◆ WHAT TO WORK ON ◆
Going through the entries below, copy out each line that contains "SUBTRACT".

◆ ENTRIES SHOWN ◆
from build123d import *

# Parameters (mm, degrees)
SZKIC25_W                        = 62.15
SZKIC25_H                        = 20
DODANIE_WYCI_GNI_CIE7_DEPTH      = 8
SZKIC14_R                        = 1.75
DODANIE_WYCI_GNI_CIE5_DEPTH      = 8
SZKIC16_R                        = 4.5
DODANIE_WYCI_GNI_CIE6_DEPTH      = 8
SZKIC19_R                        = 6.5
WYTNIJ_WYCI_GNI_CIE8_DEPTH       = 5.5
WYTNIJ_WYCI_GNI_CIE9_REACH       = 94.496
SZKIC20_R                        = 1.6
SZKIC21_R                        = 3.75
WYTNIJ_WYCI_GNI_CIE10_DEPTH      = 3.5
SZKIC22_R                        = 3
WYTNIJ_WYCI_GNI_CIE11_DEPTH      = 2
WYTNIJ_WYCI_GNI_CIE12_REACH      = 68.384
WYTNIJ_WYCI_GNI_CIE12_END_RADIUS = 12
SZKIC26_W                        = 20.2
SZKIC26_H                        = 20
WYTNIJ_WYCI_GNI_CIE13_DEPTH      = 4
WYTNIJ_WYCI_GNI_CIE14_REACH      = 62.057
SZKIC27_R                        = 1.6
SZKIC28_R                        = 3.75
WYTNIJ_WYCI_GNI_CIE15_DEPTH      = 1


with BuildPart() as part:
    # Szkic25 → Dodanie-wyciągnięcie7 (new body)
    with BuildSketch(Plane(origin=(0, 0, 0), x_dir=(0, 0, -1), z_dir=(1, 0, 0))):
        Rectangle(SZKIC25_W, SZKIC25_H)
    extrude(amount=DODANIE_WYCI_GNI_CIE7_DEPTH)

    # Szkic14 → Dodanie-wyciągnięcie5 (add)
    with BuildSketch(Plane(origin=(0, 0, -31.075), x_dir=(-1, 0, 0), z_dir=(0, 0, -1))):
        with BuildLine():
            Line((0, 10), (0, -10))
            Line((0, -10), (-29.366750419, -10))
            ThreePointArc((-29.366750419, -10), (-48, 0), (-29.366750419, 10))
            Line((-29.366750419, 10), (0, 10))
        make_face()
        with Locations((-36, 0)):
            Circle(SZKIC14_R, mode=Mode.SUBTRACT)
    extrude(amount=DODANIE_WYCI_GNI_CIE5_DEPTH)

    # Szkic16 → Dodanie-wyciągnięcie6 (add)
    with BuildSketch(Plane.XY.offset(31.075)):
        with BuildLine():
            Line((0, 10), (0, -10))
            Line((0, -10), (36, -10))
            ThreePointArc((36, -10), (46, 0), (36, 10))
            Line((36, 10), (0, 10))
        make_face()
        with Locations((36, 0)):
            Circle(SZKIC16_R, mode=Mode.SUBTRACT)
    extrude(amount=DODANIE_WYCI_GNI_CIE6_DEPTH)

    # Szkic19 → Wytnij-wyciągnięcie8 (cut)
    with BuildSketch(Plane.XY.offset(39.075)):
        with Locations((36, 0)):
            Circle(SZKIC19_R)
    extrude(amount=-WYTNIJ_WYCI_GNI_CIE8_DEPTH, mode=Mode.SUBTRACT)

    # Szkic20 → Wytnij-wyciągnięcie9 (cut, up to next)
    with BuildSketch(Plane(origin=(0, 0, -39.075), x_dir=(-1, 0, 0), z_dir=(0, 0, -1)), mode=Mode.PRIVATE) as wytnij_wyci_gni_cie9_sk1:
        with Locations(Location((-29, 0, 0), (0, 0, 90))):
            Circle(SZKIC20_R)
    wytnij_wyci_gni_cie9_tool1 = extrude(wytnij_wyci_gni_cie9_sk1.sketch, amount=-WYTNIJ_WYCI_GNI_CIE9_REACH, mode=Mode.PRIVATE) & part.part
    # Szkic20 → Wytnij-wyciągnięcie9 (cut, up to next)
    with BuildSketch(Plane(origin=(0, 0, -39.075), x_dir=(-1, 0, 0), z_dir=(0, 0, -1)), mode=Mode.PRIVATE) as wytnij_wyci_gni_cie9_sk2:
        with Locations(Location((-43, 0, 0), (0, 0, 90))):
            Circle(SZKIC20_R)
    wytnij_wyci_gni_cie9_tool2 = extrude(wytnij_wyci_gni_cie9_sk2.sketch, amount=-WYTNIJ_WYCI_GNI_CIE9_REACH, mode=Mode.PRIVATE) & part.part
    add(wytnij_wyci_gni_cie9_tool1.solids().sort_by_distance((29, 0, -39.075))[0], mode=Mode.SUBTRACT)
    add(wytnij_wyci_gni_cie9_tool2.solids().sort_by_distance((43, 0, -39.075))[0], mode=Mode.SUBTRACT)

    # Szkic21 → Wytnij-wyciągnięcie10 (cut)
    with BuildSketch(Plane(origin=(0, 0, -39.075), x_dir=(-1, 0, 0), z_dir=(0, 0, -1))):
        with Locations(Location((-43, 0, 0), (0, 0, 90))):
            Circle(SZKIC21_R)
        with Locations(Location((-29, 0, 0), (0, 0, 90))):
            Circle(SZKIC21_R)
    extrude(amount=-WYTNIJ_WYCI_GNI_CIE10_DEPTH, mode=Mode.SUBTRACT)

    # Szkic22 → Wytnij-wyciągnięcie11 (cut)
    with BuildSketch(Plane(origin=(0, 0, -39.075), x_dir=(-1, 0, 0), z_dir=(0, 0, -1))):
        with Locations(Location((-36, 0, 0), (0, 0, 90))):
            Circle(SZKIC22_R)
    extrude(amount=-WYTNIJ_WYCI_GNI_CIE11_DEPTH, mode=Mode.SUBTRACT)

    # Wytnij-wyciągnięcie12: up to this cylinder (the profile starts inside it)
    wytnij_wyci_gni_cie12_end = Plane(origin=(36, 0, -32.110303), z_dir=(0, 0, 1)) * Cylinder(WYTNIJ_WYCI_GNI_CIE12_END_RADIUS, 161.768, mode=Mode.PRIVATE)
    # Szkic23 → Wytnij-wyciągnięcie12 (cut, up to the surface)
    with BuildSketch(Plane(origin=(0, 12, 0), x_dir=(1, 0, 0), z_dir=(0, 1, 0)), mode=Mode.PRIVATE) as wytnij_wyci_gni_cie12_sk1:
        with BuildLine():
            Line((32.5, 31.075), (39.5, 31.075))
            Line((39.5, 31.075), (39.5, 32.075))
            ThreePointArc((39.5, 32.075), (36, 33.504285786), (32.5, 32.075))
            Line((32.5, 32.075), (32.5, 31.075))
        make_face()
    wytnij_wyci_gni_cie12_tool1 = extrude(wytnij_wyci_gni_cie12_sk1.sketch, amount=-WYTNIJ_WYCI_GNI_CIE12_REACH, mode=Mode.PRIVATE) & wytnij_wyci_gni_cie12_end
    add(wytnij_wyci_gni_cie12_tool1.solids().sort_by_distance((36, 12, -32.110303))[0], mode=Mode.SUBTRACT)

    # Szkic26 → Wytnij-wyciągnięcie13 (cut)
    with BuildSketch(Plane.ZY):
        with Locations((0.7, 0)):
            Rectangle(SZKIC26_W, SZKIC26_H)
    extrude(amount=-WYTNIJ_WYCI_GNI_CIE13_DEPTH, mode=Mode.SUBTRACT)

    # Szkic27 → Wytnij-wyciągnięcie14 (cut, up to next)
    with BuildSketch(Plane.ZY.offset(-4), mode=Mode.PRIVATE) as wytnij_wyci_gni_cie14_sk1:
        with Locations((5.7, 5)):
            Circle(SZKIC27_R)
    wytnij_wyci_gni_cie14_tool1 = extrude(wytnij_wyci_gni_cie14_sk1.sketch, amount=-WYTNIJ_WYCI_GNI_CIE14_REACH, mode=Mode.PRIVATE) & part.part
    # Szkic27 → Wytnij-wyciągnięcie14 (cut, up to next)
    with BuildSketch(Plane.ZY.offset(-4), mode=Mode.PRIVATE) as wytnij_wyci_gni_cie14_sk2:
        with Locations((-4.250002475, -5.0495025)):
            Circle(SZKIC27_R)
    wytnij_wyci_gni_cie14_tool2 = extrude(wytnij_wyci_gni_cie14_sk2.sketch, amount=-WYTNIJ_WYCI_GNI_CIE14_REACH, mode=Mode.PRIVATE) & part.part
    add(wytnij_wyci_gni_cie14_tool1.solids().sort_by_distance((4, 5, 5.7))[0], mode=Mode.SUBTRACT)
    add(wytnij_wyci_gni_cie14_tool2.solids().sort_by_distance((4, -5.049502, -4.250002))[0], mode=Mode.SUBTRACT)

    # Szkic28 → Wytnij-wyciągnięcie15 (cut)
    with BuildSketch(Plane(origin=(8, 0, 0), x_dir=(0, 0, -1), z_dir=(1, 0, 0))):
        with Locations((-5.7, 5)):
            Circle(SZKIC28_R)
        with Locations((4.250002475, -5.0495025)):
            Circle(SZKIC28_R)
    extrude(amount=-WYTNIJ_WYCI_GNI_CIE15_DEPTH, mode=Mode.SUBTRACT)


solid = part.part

◆ EXERCISE RESPONSE ◆
            Circle(SZKIC14_R, mode=Mode.SUBTRACT)
            Circle(SZKIC16_R, mode=Mode.SUBTRACT)
    extrude(amount=-WYTNIJ_WYCI_GNI_CIE8_DEPTH, mode=Mode.SUBTRACT)
    add(wytnij_wyci_gni_cie9_tool1.solids().sort_by_distance((29, 0, -39.075))[0], mode=Mode.SUBTRACT)
    add(wytnij_wyci_gni_cie9_tool2.solids().sort_by_distance((43, 0, -39.075))[0], mode=Mode.SUBTRACT)
    extrude(amount=-WYTNIJ_WYCI_GNI_CIE10_DEPTH, mode=Mode.SUBTRACT)
    extrude(amount=-WYTNIJ_WYCI_GNI_CIE11_DEPTH, mode=Mode.SUBTRACT)
    add(wytnij_wyci_gni_cie12_tool1.solids().sort_by_distance((36, 12, -32.110303))[0], mode=Mode.SUBTRACT)
    extrude(amount=-WYTNIJ_WYCI_GNI_CIE13_DEPTH, mode=Mode.SUBTRACT)
    add(wytnij_wyci_gni_cie14_tool1.solids().sort_by_distance((4, 5, 5.7))[0], mode=Mode.SUBTRACT)
    add(wytnij_wyci_gni_cie14_tool2.solids().sort_by_distance((4, -5.049502, -4.250002))[0], mode=Mode.SUBTRACT)
    extrude(amount=-WYTNIJ_WYCI_GNI_CIE15_DEPTH, mode=Mode.SUBTRACT)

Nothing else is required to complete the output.